**WHAT TO DO**. The answer must consist of every line in the records that contains the word "Logical".
= = = =
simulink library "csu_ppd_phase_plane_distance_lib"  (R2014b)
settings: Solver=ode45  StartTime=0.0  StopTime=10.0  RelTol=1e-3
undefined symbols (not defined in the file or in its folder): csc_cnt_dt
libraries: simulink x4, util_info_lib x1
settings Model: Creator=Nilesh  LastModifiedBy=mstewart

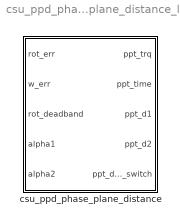
== system csu_ppd_phase_plane_distance_lib ==
  csu_ppd_phase_plane_distance : Subsystem

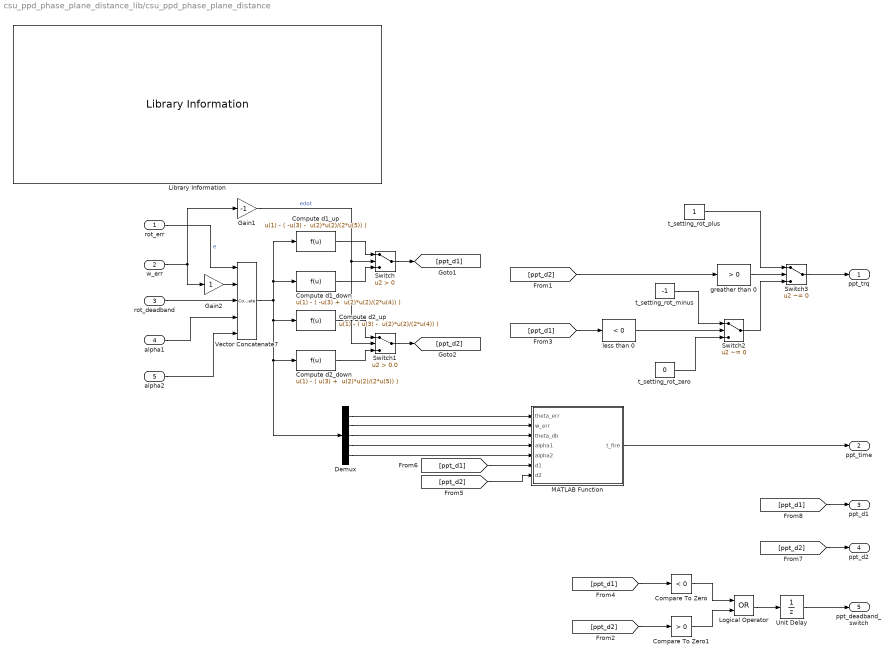
== system csu_ppd_phase_plane_distance_lib/csu_ppd_phase_plane_distance ==
  rot_err : Inport
  w_err : Inport  Port=2
  rot_deadband : Inport  Port=3
  alpha1 : Inport  Port=4
  alpha2 : Inport  Port=5
  Compare To Zero : simulink/Logic and Bit Operations/Compare To Zero  relop=<  OutDataTypeStr=uint8  ZeroCross=off
  Compare To Zero1 : simulink/Logic and Bit Operations/Compare To Zero  relop=>  OutDataTypeStr=uint8  ZeroCross=off
  Compute d1_down : Fcn  Expr="u(1) - ( -u(3) +  u(2)*u(2)/(2*u(4)) )"
  Compute d1_up : Fcn  Expr="u(1) - ( -u(3) -  u(2)*u(2)/(2*u(5)) )"
  Compute d2_down : Fcn  Expr="u(1) - ( u(3) +  u(2)*u(2)/(2*u(5)) )"
  Compute d2_up : Fcn  Expr="u(1) - ( u(3) -  u(2)*u(2)/(2*u(4)) )"
  Demux : Demux  Outputs=5
  Gain1 : Gain  Gain=-1
  Gain2 : Gain
  Library Information : util_info_lib/Library Information  owner='NONE'
  Logical Operator : Logic  Operator=OR  AllPortsSameDT=off  OutDataTypeStr=boolean
  MATLAB Function : MATLAB Function  TreatAsAtomicUnit=on
  Switch : Switch  Criteria=u2 > Threshold
  Switch1 : Switch  Criteria=u2 > Threshold  Threshold=0.0
  Switch2 : Switch  Criteria=u2 ~= 0
  Switch3 : Switch  Criteria=u2 ~= 0
  Unit Delay : UnitDelay  SampleTime=csc_cnt_dt
  Vector Concatenate7 : Concatenate  NumInputs=5
  greather than 0 : simulink/Logic and Bit Operations/Compare To Constant  relop=>  const=0  OutDataTypeStr=uint8  ZeroCross=off
  less than 0 : simulink/Logic and Bit Operations/Compare To Constant  relop=<  const=0  OutDataTypeStr=uint8  ZeroCross=off
  t_setting_rot_minus : Constant  Value=-1  OutDataTypeStr=int8
  t_setting_rot_plus : Constant  OutDataTypeStr=int8
  t_setting_rot_zero : Constant  Value=0  OutDataTypeStr=int8
  ppt_trq : Outport
  ppt_time : Outport  Port=2
  ppt_d1 : Outport  Port=3
  ppt_d2 : Outport  Port=4
  ppt_deadband_switch : Outport  Port=5
  wires:
  Switch1/1 -> [ppt_d2]
  Switch/1 -> [ppt_d1]
  Compute d2_down/1 -> Switch1/3
  Compute d2_up/1 -> Switch1/1
  Compute d1_down/1 -> Switch/3
  Compute d1_up/1 -> Switch/1
  Vector Concatenate7/1 -> Demux/1, Compute d2_down/1, Compute d2_up/1, Compute d1_up/1, Compute d1_down/1
  alpha2/1 -> Vector Concatenate7/5
  alpha1/1 -> Vector Concatenate7/4
  rot_deadband/1 -> Vector Concatenate7/3
  rot_err/1 -> Vector Concatenate7/1  "e"
  greather than 0/1 -> Switch3/2
  less than 0/1 -> Switch2/2
  Switch2/1 -> Switch3/3
  t_setting_rot_plus/1 -> Switch3/1
  t_setting_rot_zero/1 -> Switch2/3
  t_setting_rot_minus/1 -> Switch2/1
  Switch3/1 -> ppt_trq/1
  [ppt_d1] -> Compare To Zero/1
  [ppt_d2] -> Compare To Zero1/1
  Compare To Zero/1 -> Logical Operator/1
  Compare To Zero1/1 -> Logical Operator/2
  Logical Operator/1 -> Unit Delay/1
  Unit Delay/1 -> ppt_deadband_switch/1
  MATLAB Function/1(t_fire) -> ppt_time/1
  [ppt_d2] -> MATLAB Function/7(d2)
  [ppt_d1] -> MATLAB Function/6(d1)
  Demux/1 -> MATLAB Function/1(theta_err)
  Demux/2 -> MATLAB Function/2(w_err)
  Demux/3 -> MATLAB Function/3(theta_db)
  Demux/4 -> MATLAB Function/4(alpha1)
  Demux/5 -> MATLAB Function/5(alpha2)
  [ppt_d2] -> greather than 0/1
  [ppt_d1] -> less than 0/1
  [ppt_d1] -> ppt_d1/1
  [ppt_d2] -> ppt_d2/1
  w_err/1 -> Gain2/1, Gain1/1
  Gain1/1 -> Switch1/2, Switch/2  "edot"
  Gain2/1 -> Vector Concatenate7/2

== matlab function csu_ppd_phase_plane_distance_lib/csu_ppd_phase_plane_distance/MATLAB Function ==
  data: theta_err input; w_err input; theta_db input; alpha1 input; alpha2 input; t_fire output; d1 input; d2 input
function t_fire = fcn(theta_err,w_err,theta_db,alpha1,alpha2,d1,d2)
%#codegen


w_err = -w_err; %-u(2);


if d1 < 0
   
    t_fire = (1/alpha1)*(sqrt( (alpha2/(alpha1 + alpha2))*(2*alpha1*theta_db -2*alpha1*theta_err + w_err*w_err) ) - w_err);

    
elseif d2 > 0
    
%     t_fire = (1/alpha1)*(sqrt( (alpha2/(alpha1 + alpha2))*(-2*alpha1*theta_db +2*alpha1*theta_err + w_err*w_err) ) + w_err);
    t_fire = (1/alpha1)*(sqrt( (alpha2/(alpha1 + alpha2))*(2*alpha1*theta_db +2*alpha1*theta_err + w_err*w_err) ) + w_err);
    
else
    
    t_fire = 0;
    
end
= = = =
**YOUR RESPONSE**.
  Logical Operator : Logic  Operator=OR  AllPortsSameDT=off  OutDataTypeStr=boolean
  Compare To Zero/1 -> Logical Operator/1
  Compare To Zero1/1 -> Logical Operator/2
  Logical Operator/1 -> Unit Delay/1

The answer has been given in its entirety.